TASK STATEMENT:
Omitting every picture, output the records below exactly, please.

EXTRACTED MATERIAL:
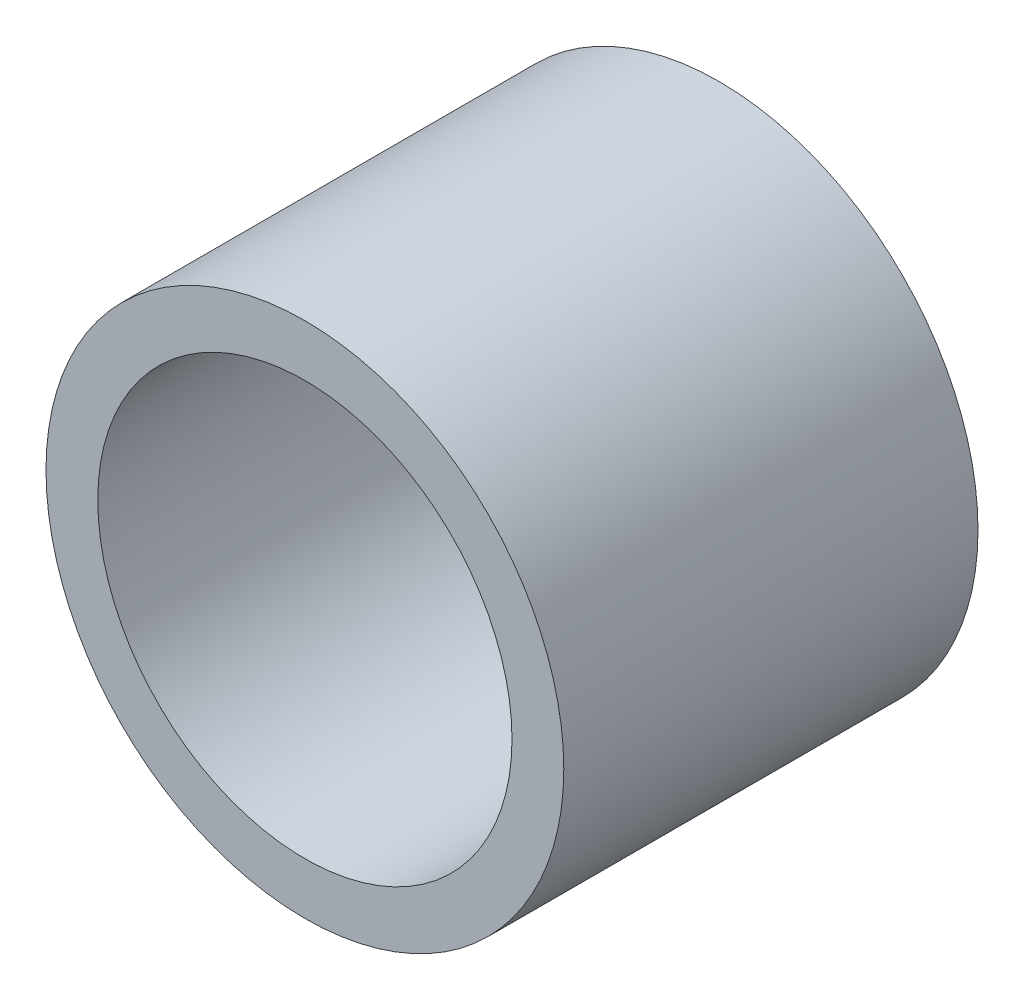
ISO-10303-21;
HEADER;
FILE_DESCRIPTION(('STEP AP214'),'2;1');
FILE_NAME('part.step','',(''),(''),'','','');
FILE_SCHEMA(('AUTOMOTIVE_DESIGN { 1 0 10303 214 1 1 1 1 }'));
ENDSEC;
DATA;
#1=APPLICATION_CONTEXT('core data for automotive mechanical design processes');
#2=APPLICATION_PROTOCOL_DEFINITION('international standard','automotive_design',2000,#1);
#3=PRODUCT_CONTEXT('',#1,'mechanical');
#4=PRODUCT('Part','Part','',(#3));
#5=PRODUCT_RELATED_PRODUCT_CATEGORY('part','',(#4));
#6=PRODUCT_DEFINITION_FORMATION('','',#4);
#7=PRODUCT_DEFINITION_CONTEXT('part definition',#1,'design');
#8=PRODUCT_DEFINITION('design','',#6,#7);
#9=PRODUCT_DEFINITION_SHAPE('','',#8);
#10=(LENGTH_UNIT() NAMED_UNIT(*) SI_UNIT(.MILLI.,.METRE.));
#11=(NAMED_UNIT(*) PLANE_ANGLE_UNIT() SI_UNIT($,.RADIAN.));
#12=(NAMED_UNIT(*) SI_UNIT($,.STERADIAN.) SOLID_ANGLE_UNIT());
#13=UNCERTAINTY_MEASURE_WITH_UNIT(LENGTH_MEASURE(1.E-05),#10,'distance_accuracy_value','');
#14=(GEOMETRIC_REPRESENTATION_CONTEXT(3) GLOBAL_UNCERTAINTY_ASSIGNED_CONTEXT((#13)) GLOBAL_UNIT_ASSIGNED_CONTEXT((#10,
#11,#12)) REPRESENTATION_CONTEXT('',''));
#15=CARTESIAN_POINT('',(0.,0.,0.));
#16=DIRECTION('',(0.,0.,1.));
#17=DIRECTION('',(1.,0.,0.));
#18=AXIS2_PLACEMENT_3D('',#15,#16,#17);
#19=CARTESIAN_POINT('',(0.,0.,8.));
#20=DIRECTION('',(0.,0.,-1.));
#21=DIRECTION('',(-1.,0.,0.));
#22=AXIS2_PLACEMENT_3D('',#19,#20,#21);
#23=CYLINDRICAL_SURFACE('',#22,4.);
#24=CARTESIAN_POINT('',(0.,0.,0.));
#25=DIRECTION('',(0.,0.,-1.));
#26=DIRECTION('',(-1.,0.,0.));
#27=AXIS2_PLACEMENT_3D('',#24,#25,#26);
#28=CIRCLE('',#27,4.);
#29=CARTESIAN_POINT('',(-4.,0.,0.));
#30=VERTEX_POINT('',#29);
#31=EDGE_CURVE('E27',#30,#30,#28,.T.);
#32=ORIENTED_EDGE('',*,*,#31,.T.);
#33=EDGE_LOOP('',(#32));
#34=FACE_BOUND('',#33,.T.);
#35=CARTESIAN_POINT('',(0.,0.,8.));
#36=DIRECTION('',(0.,0.,-1.));
#37=DIRECTION('',(-1.,0.,0.));
#38=AXIS2_PLACEMENT_3D('',#35,#36,#37);
#39=CIRCLE('',#38,4.);
#40=CARTESIAN_POINT('',(-4.,0.,8.));
#41=VERTEX_POINT('',#40);
#42=EDGE_CURVE('E18',#41,#41,#39,.T.);
#43=ORIENTED_EDGE('',*,*,#42,.F.);
#44=EDGE_LOOP('',(#43));
#45=FACE_BOUND('',#44,.T.);
#46=ADVANCED_FACE('F15',(#34,#45),#23,.F.);
#47=CARTESIAN_POINT('',(0.,0.,8.));
#48=DIRECTION('',(0.,0.,1.));
#49=DIRECTION('',(1.,0.,0.));
#50=AXIS2_PLACEMENT_3D('',#47,#48,#49);
#51=PLANE('',#50);
#52=ORIENTED_EDGE('',*,*,#42,.T.);
#53=EDGE_LOOP('',(#52));
#54=FACE_BOUND('',#53,.T.);
#55=CARTESIAN_POINT('',(0.,0.,8.));
#56=DIRECTION('',(0.,0.,-1.));
#57=DIRECTION('',(-1.,0.,0.));
#58=AXIS2_PLACEMENT_3D('',#55,#56,#57);
#59=CIRCLE('',#58,5.);
#60=CARTESIAN_POINT('',(-5.,0.,8.));
#61=VERTEX_POINT('',#60);
#62=EDGE_CURVE('E22',#61,#61,#59,.T.);
#63=ORIENTED_EDGE('',*,*,#62,.F.);
#64=EDGE_LOOP('',(#63));
#65=FACE_BOUND('',#64,.T.);
#66=ADVANCED_FACE('F35',(#54,#65),#51,.T.);
#67=CARTESIAN_POINT('',(0.,0.,0.));
#68=DIRECTION('',(0.,0.,1.));
#69=DIRECTION('',(1.,0.,0.));
#70=AXIS2_PLACEMENT_3D('',#67,#68,#69);
#71=PLANE('',#70);
#72=ORIENTED_EDGE('',*,*,#31,.F.);
#73=EDGE_LOOP('',(#72));
#74=FACE_BOUND('',#73,.T.);
#75=CARTESIAN_POINT('',(0.,0.,0.));
#76=DIRECTION('',(0.,0.,-1.));
#77=DIRECTION('',(-1.,0.,0.));
#78=AXIS2_PLACEMENT_3D('',#75,#76,#77);
#79=CIRCLE('',#78,5.);
#80=CARTESIAN_POINT('',(-5.,0.,0.));
#81=VERTEX_POINT('',#80);
#82=EDGE_CURVE('E10',#81,#81,#79,.F.);
#83=ORIENTED_EDGE('',*,*,#82,.F.);
#84=EDGE_LOOP('',(#83));
#85=FACE_BOUND('',#84,.T.);
#86=ADVANCED_FACE('F43',(#74,#85),#71,.F.);
#87=CARTESIAN_POINT('',(0.,0.,8.));
#88=DIRECTION('',(0.,0.,-1.));
#89=DIRECTION('',(-1.,0.,0.));
#90=AXIS2_PLACEMENT_3D('',#87,#88,#89);
#91=CYLINDRICAL_SURFACE('',#90,5.);
#92=ORIENTED_EDGE('',*,*,#82,.T.);
#93=EDGE_LOOP('',(#92));
#94=FACE_BOUND('',#93,.T.);
#95=ORIENTED_EDGE('',*,*,#62,.T.);
#96=EDGE_LOOP('',(#95));
#97=FACE_BOUND('',#96,.T.);
#98=ADVANCED_FACE('F44',(#94,#97),#91,.T.);
#99=CLOSED_SHELL('',(#46,#66,#86,#98));
#100=MANIFOLD_SOLID_BREP('B1',#99);
#101=ADVANCED_BREP_SHAPE_REPRESENTATION('',(#18,#100),#14);
#102=SHAPE_DEFINITION_REPRESENTATION(#9,#101);
ENDSEC;
END-ISO-10303-21;

RESULT:
ISO-10303-21;
HEADER;
FILE_DESCRIPTION(('STEP AP214'),'2;1');
FILE_NAME('part.step','',(''),(''),'','','');
FILE_SCHEMA(('AUTOMOTIVE_DESIGN { 1 0 10303 214 1 1 1 1 }'));
ENDSEC;
DATA;
#1=APPLICATION_CONTEXT('core data for automotive mechanical design processes');
#2=APPLICATION_PROTOCOL_DEFINITION('international standard','automotive_design',2000,#1);
#3=PRODUCT_CONTEXT('',#1,'mechanical');
#4=PRODUCT('Part','Part','',(#3));
#5=PRODUCT_RELATED_PRODUCT_CATEGORY('part','',(#4));
#6=PRODUCT_DEFINITION_FORMATION('','',#4);
#7=PRODUCT_DEFINITION_CONTEXT('part definition',#1,'design');
#8=PRODUCT_DEFINITION('design','',#6,#7);
#9=PRODUCT_DEFINITION_SHAPE('','',#8);
#10=(LENGTH_UNIT() NAMED_UNIT(*) SI_UNIT(.MILLI.,.METRE.));
#11=(NAMED_UNIT(*) PLANE_ANGLE_UNIT() SI_UNIT($,.RADIAN.));
#12=(NAMED_UNIT(*) SI_UNIT($,.STERADIAN.) SOLID_ANGLE_UNIT());
#13=UNCERTAINTY_MEASURE_WITH_UNIT(LENGTH_MEASURE(1.E-05),#10,'distance_accuracy_value','');
#14=(GEOMETRIC_REPRESENTATION_CONTEXT(3) GLOBAL_UNCERTAINTY_ASSIGNED_CONTEXT((#13)) GLOBAL_UNIT_ASSIGNED_CONTEXT((#10,
#11,#12)) REPRESENTATION_CONTEXT('',''));
#15=CARTESIAN_POINT('',(0.,0.,0.));
#16=DIRECTION('',(0.,0.,1.));
#17=DIRECTION('',(1.,0.,0.));
#18=AXIS2_PLACEMENT_3D('',#15,#16,#17);
#19=CARTESIAN_POINT('',(0.,0.,8.));
#20=DIRECTION('',(0.,0.,-1.));
#21=DIRECTION('',(-1.,0.,0.));
#22=AXIS2_PLACEMENT_3D('',#19,#20,#21);
#23=CYLINDRICAL_SURFACE('',#22,4.);
#24=CARTESIAN_POINT('',(0.,0.,0.));
#25=DIRECTION('',(0.,0.,-1.));
#26=DIRECTION('',(-1.,0.,0.));
#27=AXIS2_PLACEMENT_3D('',#24,#25,#26);
#28=CIRCLE('',#27,4.);
#29=CARTESIAN_POINT('',(-4.,0.,0.));
#30=VERTEX_POINT('',#29);
#31=EDGE_CURVE('E27',#30,#30,#28,.T.);
#32=ORIENTED_EDGE('',*,*,#31,.T.);
#33=EDGE_LOOP('',(#32));
#34=FACE_BOUND('',#33,.T.);
#35=CARTESIAN_POINT('',(0.,0.,8.));
#36=DIRECTION('',(0.,0.,-1.));
#37=DIRECTION('',(-1.,0.,0.));
#38=AXIS2_PLACEMENT_3D('',#35,#36,#37);
#39=CIRCLE('',#38,4.);
#40=CARTESIAN_POINT('',(-4.,0.,8.));
#41=VERTEX_POINT('',#40);
#42=EDGE_CURVE('E18',#41,#41,#39,.T.);
#43=ORIENTED_EDGE('',*,*,#42,.F.);
#44=EDGE_LOOP('',(#43));
#45=FACE_BOUND('',#44,.T.);
#46=ADVANCED_FACE('F15',(#34,#45),#23,.F.);
#47=CARTESIAN_POINT('',(0.,0.,8.));
#48=DIRECTION('',(0.,0.,1.));
#49=DIRECTION('',(1.,0.,0.));
#50=AXIS2_PLACEMENT_3D('',#47,#48,#49);
#51=PLANE('',#50);
#52=ORIENTED_EDGE('',*,*,#42,.T.);
#53=EDGE_LOOP('',(#52));
#54=FACE_BOUND('',#53,.T.);
#55=CARTESIAN_POINT('',(0.,0.,8.));
#56=DIRECTION('',(0.,0.,-1.));
#57=DIRECTION('',(-1.,0.,0.));
#58=AXIS2_PLACEMENT_3D('',#55,#56,#57);
#59=CIRCLE('',#58,5.);
#60=CARTESIAN_POINT('',(-5.,0.,8.));
#61=VERTEX_POINT('',#60);
#62=EDGE_CURVE('E22',#61,#61,#59,.T.);
#63=ORIENTED_EDGE('',*,*,#62,.F.);
#64=EDGE_LOOP('',(#63));
#65=FACE_BOUND('',#64,.T.);
#66=ADVANCED_FACE('F35',(#54,#65),#51,.T.);
#67=CARTESIAN_POINT('',(0.,0.,0.));
#68=DIRECTION('',(0.,0.,1.));
#69=DIRECTION('',(1.,0.,0.));
#70=AXIS2_PLACEMENT_3D('',#67,#68,#69);
#71=PLANE('',#70);
#72=ORIENTED_EDGE('',*,*,#31,.F.);
#73=EDGE_LOOP('',(#72));
#74=FACE_BOUND('',#73,.T.);
#75=CARTESIAN_POINT('',(0.,0.,0.));
#76=DIRECTION('',(0.,0.,-1.));
#77=DIRECTION('',(-1.,0.,0.));
#78=AXIS2_PLACEMENT_3D('',#75,#76,#77);
#79=CIRCLE('',#78,5.);
#80=CARTESIAN_POINT('',(-5.,0.,0.));
#81=VERTEX_POINT('',#80);
#82=EDGE_CURVE('E10',#81,#81,#79,.F.);
#83=ORIENTED_EDGE('',*,*,#82,.F.);
#84=EDGE_LOOP('',(#83));
#85=FACE_BOUND('',#84,.T.);
#86=ADVANCED_FACE('F43',(#74,#85),#71,.F.);
#87=CARTESIAN_POINT('',(0.,0.,8.));
#88=DIRECTION('',(0.,0.,-1.));
#89=DIRECTION('',(-1.,0.,0.));
#90=AXIS2_PLACEMENT_3D('',#87,#88,#89);
#91=CYLINDRICAL_SURFACE('',#90,5.);
#92=ORIENTED_EDGE('',*,*,#82,.T.);
#93=EDGE_LOOP('',(#92));
#94=FACE_BOUND('',#93,.T.);
#95=ORIENTED_EDGE('',*,*,#62,.T.);
#96=EDGE_LOOP('',(#95));
#97=FACE_BOUND('',#96,.T.);
#98=ADVANCED_FACE('F44',(#94,#97),#91,.T.);
#99=CLOSED_SHELL('',(#46,#66,#86,#98));
#100=MANIFOLD_SOLID_BREP('B1',#99);
#101=ADVANCED_BREP_SHAPE_REPRESENTATION('',(#18,#100),#14);
#102=SHAPE_DEFINITION_REPRESENTATION(#9,#101);
ENDSEC;
END-ISO-10303-21;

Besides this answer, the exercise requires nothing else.